Notes for geomorph 3.0.7 and subsequent versions
The advanced.procD.lm
function now defers to the R package, RRPP
, specifically the anova.lm.rrpp
and
pairwise
functions. These functions perform all necessary computations needed for advanced.procD.lm
, as well as other
analyses. Therefore, advanced.procD.lm
is now a wrapper for these other functions.
The lm.rrpp
function can be used for multiple models, if one wishes to work directly in RRPP
, prior to using
anova.lm.rrpp
and pairwise
functions. The only difference in results (compared to version 3.0.6 and before)

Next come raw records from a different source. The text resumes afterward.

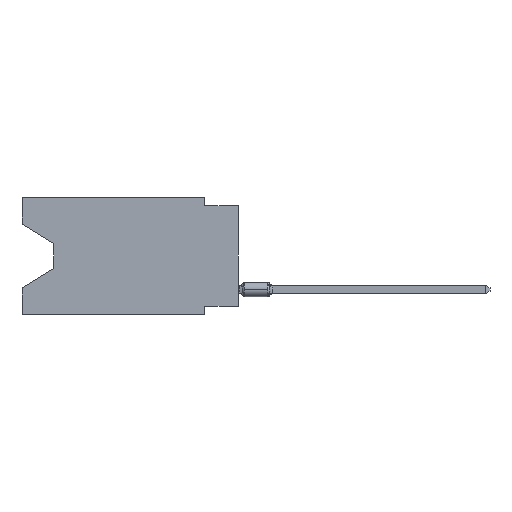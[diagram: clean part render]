
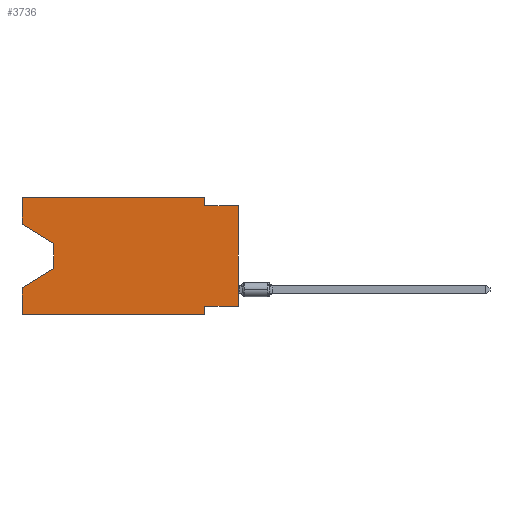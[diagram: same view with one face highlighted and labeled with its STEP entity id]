
A CAD part, left-side view. The second image highlights one B-rep face of the part: STEP entity #3736.
In plain terms, the highlighted planar face has unit normal (-1, 0, 0).
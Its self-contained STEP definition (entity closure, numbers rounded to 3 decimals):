
#56 = DIRECTION ( 'NONE',  ( 0., 0., 1. ) ) ;
#61 = ORIENTED_EDGE ( 'NONE', *, *, #8359, .F. ) ;
#281 = CARTESIAN_POINT ( 'NONE',  ( 0., 13.97, -3.505 ) ) ;
#525 = DIRECTION ( 'NONE',  ( 0., -1., 0. ) ) ;
#569 = FACE_OUTER_BOUND ( 'NONE', #14066, .T. ) ;
#1054 = VERTEX_POINT ( 'NONE', #3746 ) ;
#1063 = LINE ( 'NONE', #6905, #4101 ) ;
#1159 = DIRECTION ( 'NONE',  ( 0., 0., 1. ) ) ;
#1490 = LINE ( 'NONE', #10531, #10857 ) ;
#1491 = CARTESIAN_POINT ( 'NONE',  ( 0., 16.383, -8.89 ) ) ;
#1518 = CARTESIAN_POINT ( 'NONE',  ( 0., 0., -8.255 ) ) ;
#1568 = CARTESIAN_POINT ( 'NONE',  ( 0., 16.383, -8.89 ) ) ;
#1755 = LINE ( 'NONE', #3045, #5242 ) ;
#1910 = DIRECTION ( 'NONE',  ( 0., -1., 0. ) ) ;
#2200 = EDGE_CURVE ( 'NONE', #3149, #10958, #1755, .T. ) ;
#2253 = LINE ( 'NONE', #15030, #5596 ) ;
#2779 = LINE ( 'NONE', #3015, #11674 ) ;
#2911 = DIRECTION ( 'NONE',  ( 0., 0.855, -0.519 ) ) ;
#3015 = CARTESIAN_POINT ( 'NONE',  ( 0., 16.383, 0. ) ) ;
#3045 = CARTESIAN_POINT ( 'NONE',  ( 0., 0., -0.635 ) ) ;
#3068 = ORIENTED_EDGE ( 'NONE', *, *, #2200, .F. ) ;
#3149 = VERTEX_POINT ( 'NONE', #14893 ) ;
#3265 = VERTEX_POINT ( 'NONE', #12968 ) ;
#3352 = VECTOR ( 'NONE', #14410, 1000. ) ;
#3556 = CARTESIAN_POINT ( 'NONE',  ( 0., 0., -0.635 ) ) ;
#3650 = VERTEX_POINT ( 'NONE', #13944 ) ;
#3676 = ORIENTED_EDGE ( 'NONE', *, *, #11396, .F. ) ;
#3736 = ADVANCED_FACE ( 'NONE', ( #569 ), #3842, .F. ) ;
#3746 = CARTESIAN_POINT ( 'NONE',  ( 0., 2.54, -8.255 ) ) ;
#3779 = LINE ( 'NONE', #1568, #13831 ) ;
#3842 = PLANE ( 'NONE',  #5983 ) ;
#4014 = VERTEX_POINT ( 'NONE', #8062 ) ;
#4048 = EDGE_CURVE ( 'NONE', #10748, #10958, #13860, .T. ) ;
#4101 = VECTOR ( 'NONE', #14682, 1000. ) ;
#4251 = CARTESIAN_POINT ( 'NONE',  ( 0., 2.54, -8.89 ) ) ;
#4329 = VECTOR ( 'NONE', #2911, 1000. ) ;
#4398 = VERTEX_POINT ( 'NONE', #4251 ) ;
#4448 = DIRECTION ( 'NONE',  ( 0., -0.855, -0.519 ) ) ;
#4749 = DIRECTION ( 'NONE',  ( 0., 0., 1. ) ) ;
#4908 = DIRECTION ( 'NONE',  ( 0., 0., -1. ) ) ;
#5242 = VECTOR ( 'NONE', #1910, 1000. ) ;
#5354 = LINE ( 'NONE', #10915, #3352 ) ;
#5596 = VECTOR ( 'NONE', #56, 1000. ) ;
#5871 = CARTESIAN_POINT ( 'NONE',  ( 0., 0., 0. ) ) ;
#5983 = AXIS2_PLACEMENT_3D ( 'NONE', #9602, #13110, #6113 ) ;
#6113 = DIRECTION ( 'NONE',  ( 0., 0., -1. ) ) ;
#6124 = EDGE_CURVE ( 'NONE', #3265, #13045, #2779, .T. ) ;
#6236 = VERTEX_POINT ( 'NONE', #15019 ) ;
#6905 = CARTESIAN_POINT ( 'NONE',  ( 0., 0., -8.255 ) ) ;
#7082 = ORIENTED_EDGE ( 'NONE', *, *, #13784, .F. ) ;
#7112 = ORIENTED_EDGE ( 'NONE', *, *, #4048, .T. ) ;
#7404 = LINE ( 'NONE', #281, #13286 ) ;
#7435 = VECTOR ( 'NONE', #1159, 1000. ) ;
#7489 = EDGE_CURVE ( 'NONE', #10903, #4014, #13722, .T. ) ;
#7787 = VECTOR ( 'NONE', #4448, 1000. ) ;
#7988 = EDGE_CURVE ( 'NONE', #13045, #3149, #8223, .T. ) ;
#8062 = CARTESIAN_POINT ( 'NONE',  ( 0., 13.97, -3.505 ) ) ;
#8191 = EDGE_CURVE ( 'NONE', #3650, #6236, #13323, .T. ) ;
#8223 = LINE ( 'NONE', #13007, #13799 ) ;
#8359 = EDGE_CURVE ( 'NONE', #10748, #1054, #1063, .T. ) ;
#8443 = ORIENTED_EDGE ( 'NONE', *, *, #9013, .T. ) ;
#9013 = EDGE_CURVE ( 'NONE', #12636, #4398, #3779, .T. ) ;
#9157 = CARTESIAN_POINT ( 'NONE',  ( 0., 16.383, -2.038 ) ) ;
#9498 = ORIENTED_EDGE ( 'NONE', *, *, #8191, .T. ) ;
#9602 = CARTESIAN_POINT ( 'NONE',  ( 0., 16.383, 0. ) ) ;
#10006 = DIRECTION ( 'NONE',  ( 0., -1., 0. ) ) ;
#10476 = EDGE_CURVE ( 'NONE', #1054, #4398, #5354, .T. ) ;
#10531 = CARTESIAN_POINT ( 'NONE',  ( 0., 16.383, 0. ) ) ;
#10748 = VERTEX_POINT ( 'NONE', #1518 ) ;
#10806 = DIRECTION ( 'NONE',  ( 0., 0., -1. ) ) ;
#10857 = VECTOR ( 'NONE', #4749, 1000. ) ;
#10903 = VERTEX_POINT ( 'NONE', #12744 ) ;
#10915 = CARTESIAN_POINT ( 'NONE',  ( 0., 2.54, -8.89 ) ) ;
#10953 = ORIENTED_EDGE ( 'NONE', *, *, #7988, .F. ) ;
#10958 = VERTEX_POINT ( 'NONE', #3556 ) ;
#11342 = ORIENTED_EDGE ( 'NONE', *, *, #7489, .T. ) ;
#11396 = EDGE_CURVE ( 'NONE', #10903, #3265, #2253, .T. ) ;
#11674 = VECTOR ( 'NONE', #10006, 1000. ) ;
#11696 = ORIENTED_EDGE ( 'NONE', *, *, #6124, .F. ) ;
#11709 = ORIENTED_EDGE ( 'NONE', *, *, #10476, .F. ) ;
#12100 = CARTESIAN_POINT ( 'NONE',  ( 0., 13.97, -5.385 ) ) ;
#12636 = VERTEX_POINT ( 'NONE', #1491 ) ;
#12744 = CARTESIAN_POINT ( 'NONE',  ( 0., 16.383, -2.038 ) ) ;
#12968 = CARTESIAN_POINT ( 'NONE',  ( 0., 16.383, 0. ) ) ;
#13007 = CARTESIAN_POINT ( 'NONE',  ( 0., 2.54, 0. ) ) ;
#13045 = VERTEX_POINT ( 'NONE', #14550 ) ;
#13110 = DIRECTION ( 'NONE',  ( 1., 0., 0. ) ) ;
#13187 = ORIENTED_EDGE ( 'NONE', *, *, #13875, .T. ) ;
#13286 = VECTOR ( 'NONE', #4908, 1000. ) ;
#13323 = LINE ( 'NONE', #12100, #4329 ) ;
#13722 = LINE ( 'NONE', #9157, #7787 ) ;
#13784 = EDGE_CURVE ( 'NONE', #12636, #6236, #1490, .T. ) ;
#13799 = VECTOR ( 'NONE', #10806, 1000. ) ;
#13831 = VECTOR ( 'NONE', #525, 1000. ) ;
#13860 = LINE ( 'NONE', #5871, #7435 ) ;
#13875 = EDGE_CURVE ( 'NONE', #4014, #3650, #7404, .T. ) ;
#13944 = CARTESIAN_POINT ( 'NONE',  ( 0., 13.97, -5.385 ) ) ;
#14066 = EDGE_LOOP ( 'NONE', ( #11342, #13187, #9498, #7082, #8443, #11709, #61, #7112, #3068, #10953, #11696, #3676 ) ) ;
#14410 = DIRECTION ( 'NONE',  ( 0., 0., -1. ) ) ;
#14550 = CARTESIAN_POINT ( 'NONE',  ( 0., 2.54, 0. ) ) ;
#14682 = DIRECTION ( 'NONE',  ( 0., 1., 0. ) ) ;
#14893 = CARTESIAN_POINT ( 'NONE',  ( 0., 2.54, -0.635 ) ) ;
#15019 = CARTESIAN_POINT ( 'NONE',  ( 0., 16.383, -6.852 ) ) ;
#15030 = CARTESIAN_POINT ( 'NONE',  ( 0., 16.383, 0. ) ) ;
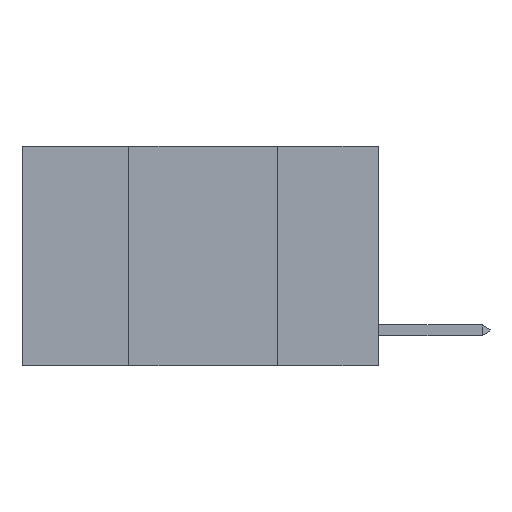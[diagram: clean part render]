
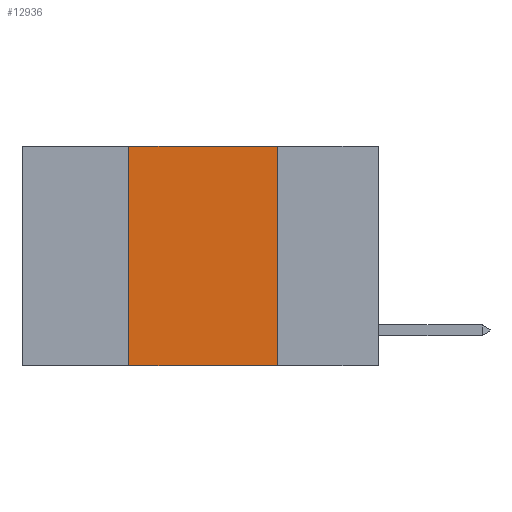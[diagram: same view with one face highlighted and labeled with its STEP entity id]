
A CAD part, left-side view. The second image highlights one B-rep face of the part: STEP entity #12936.
In plain terms, the highlighted planar face has unit normal (-1, 0, 0).
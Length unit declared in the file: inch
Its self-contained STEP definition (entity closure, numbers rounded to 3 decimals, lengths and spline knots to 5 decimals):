
#172 = FACE_OUTER_BOUND ( 'NONE', #2795, .T. ) ;
#390 = VERTEX_POINT ( 'NONE', #17386 ) ;
#559 = EDGE_CURVE ( 'NONE', #11851, #390, #839, .T. ) ;
#839 = LINE ( 'NONE', #5453, #3651 ) ;
#1308 = CARTESIAN_POINT ( 'NONE',  ( 0., 0.42, -0.37 ) ) ;
#1674 = CARTESIAN_POINT ( 'NONE',  ( 0., 0.42, 0. ) ) ;
#1824 = VERTEX_POINT ( 'NONE', #1308 ) ;
#2731 = ORIENTED_EDGE ( 'NONE', *, *, #559, .F. ) ;
#2795 = EDGE_LOOP ( 'NONE', ( #14469, #2731, #16826, #6933 ) ) ;
#3203 = VECTOR ( 'NONE', #9128, 39.37008 ) ;
#3411 = LINE ( 'NONE', #10841, #17075 ) ;
#3437 = EDGE_CURVE ( 'NONE', #1824, #17589, #3411, .T. ) ;
#3651 = VECTOR ( 'NONE', #9550, 39.37008 ) ;
#3895 = EDGE_CURVE ( 'NONE', #1824, #11851, #14131, .T. ) ;
#4336 = EDGE_CURVE ( 'NONE', #390, #17589, #9587, .T. ) ;
#5327 = DIRECTION ( 'NONE',  ( 0., 0., -1. ) ) ;
#5453 = CARTESIAN_POINT ( 'NONE',  ( 0., 0.6, 0. ) ) ;
#6933 = ORIENTED_EDGE ( 'NONE', *, *, #3437, .T. ) ;
#8120 = DIRECTION ( 'NONE',  ( 0., -1., 0. ) ) ;
#9128 = DIRECTION ( 'NONE',  ( 0., 0., 1. ) ) ;
#9550 = DIRECTION ( 'NONE',  ( 0., -1., 0. ) ) ;
#9587 = LINE ( 'NONE', #10113, #10442 ) ;
#10022 = AXIS2_PLACEMENT_3D ( 'NONE', #12116, #13514, #5327 ) ;
#10113 = CARTESIAN_POINT ( 'NONE',  ( 0., 0.17, 0. ) ) ;
#10442 = VECTOR ( 'NONE', #14273, 39.37008 ) ;
#10841 = CARTESIAN_POINT ( 'NONE',  ( 0., 0.6, -0.37 ) ) ;
#11851 = VERTEX_POINT ( 'NONE', #1674 ) ;
#11864 = CARTESIAN_POINT ( 'NONE',  ( 0., 0.42, 0. ) ) ;
#12116 = CARTESIAN_POINT ( 'NONE',  ( 0., 0.6, 0. ) ) ;
#12936 = ADVANCED_FACE ( 'NONE', ( #172 ), #14842, .F. ) ;
#13514 = DIRECTION ( 'NONE',  ( 1., 0., 0. ) ) ;
#13605 = CARTESIAN_POINT ( 'NONE',  ( 0., 0.17, -0.37 ) ) ;
#14131 = LINE ( 'NONE', #11864, #3203 ) ;
#14273 = DIRECTION ( 'NONE',  ( 0., 0., -1. ) ) ;
#14469 = ORIENTED_EDGE ( 'NONE', *, *, #4336, .F. ) ;
#14842 = PLANE ( 'NONE',  #10022 ) ;
#16826 = ORIENTED_EDGE ( 'NONE', *, *, #3895, .F. ) ;
#17075 = VECTOR ( 'NONE', #8120, 39.37008 ) ;
#17386 = CARTESIAN_POINT ( 'NONE',  ( 0., 0.17, 0. ) ) ;
#17589 = VERTEX_POINT ( 'NONE', #13605 ) ;

should occur when comparing univariate slopes. Version 3.0.6 and earlier versions appended a vector of 1s to slopes as an ad-hoc strategy to make
computations work. This is no longer needed, as the RRPP
functions can better handle univariate data.
Notes for geomorph 3.0.6 and subsequent versions
For pairwise tests, previous versions assumed that pairwise comparisons of least-squares means used models with parallel slopes.
Under most circumstances, this assumption is safe (and preferred), as the estimation of mean differences otherwise would have to
assume something about the mean values of covariates as appropriate locations for estimating means. Version 3.0.6 and subseqent versions
find least-squares means that are truer to the model defined. For example, if a user defines a full model with parallel slopes, e.g.,
shape ~ x + A + B + A:B, where x is a covariate and A and B are factors, results should be no different than before. However, if a user
defines a full model which allows unique slopes, e.g., shape ~ x + A + B + x:A + x:B + A:B + x:A:B, least squares means will now be estimated
for mean values of x using the coefficients for x:A, x:B, and x:A:B (previous versions did not). This change is to made to
be consistent with other least-squares means estimation functions in other packages.
Notes for geomorph 3.0.4 and subsequent versions
Compared to previous versions of geomorph, users might notice differences in effect sizes. Previous versions used z-scores calculated with
expected values of statistics from null hypotheses (sensu Collyer et al. 2015); however Adams and Collyer (2016) showed that expected values
for some statistics can vary with sample size and variable number, and recommended finding the expected value, empirically, as the mean from the set
of random outcomes. Geomorph 3.0.4 and subsequent versions now center z-scores on their empirically estimated expected values and where appropriate,
log-transform values to assure statistics are normally distributed. This can result in negative effect sizes, when statistics are smaller than
expected compared to the average random outcome. For ANOVA-based functions, the option to choose among different statistics to measure effect size
is now a function argument.
An optional argument for including a phylogenetic tree of class phylo is included in this function. ANOVA performed on separate PGLS models is analogous
to a likelihood ratio test between models (Adams and Collyer 2018). Pairwise tests can also be performed after PGLS estimation of coefficients but users
should be aware that no formal research on the statistical properties (type I error rates and statistical power) of pairwise statistics with PGLS has yet
been performed. Using PGLS and analysis of pairwise statistics, therefore, assumes some risk.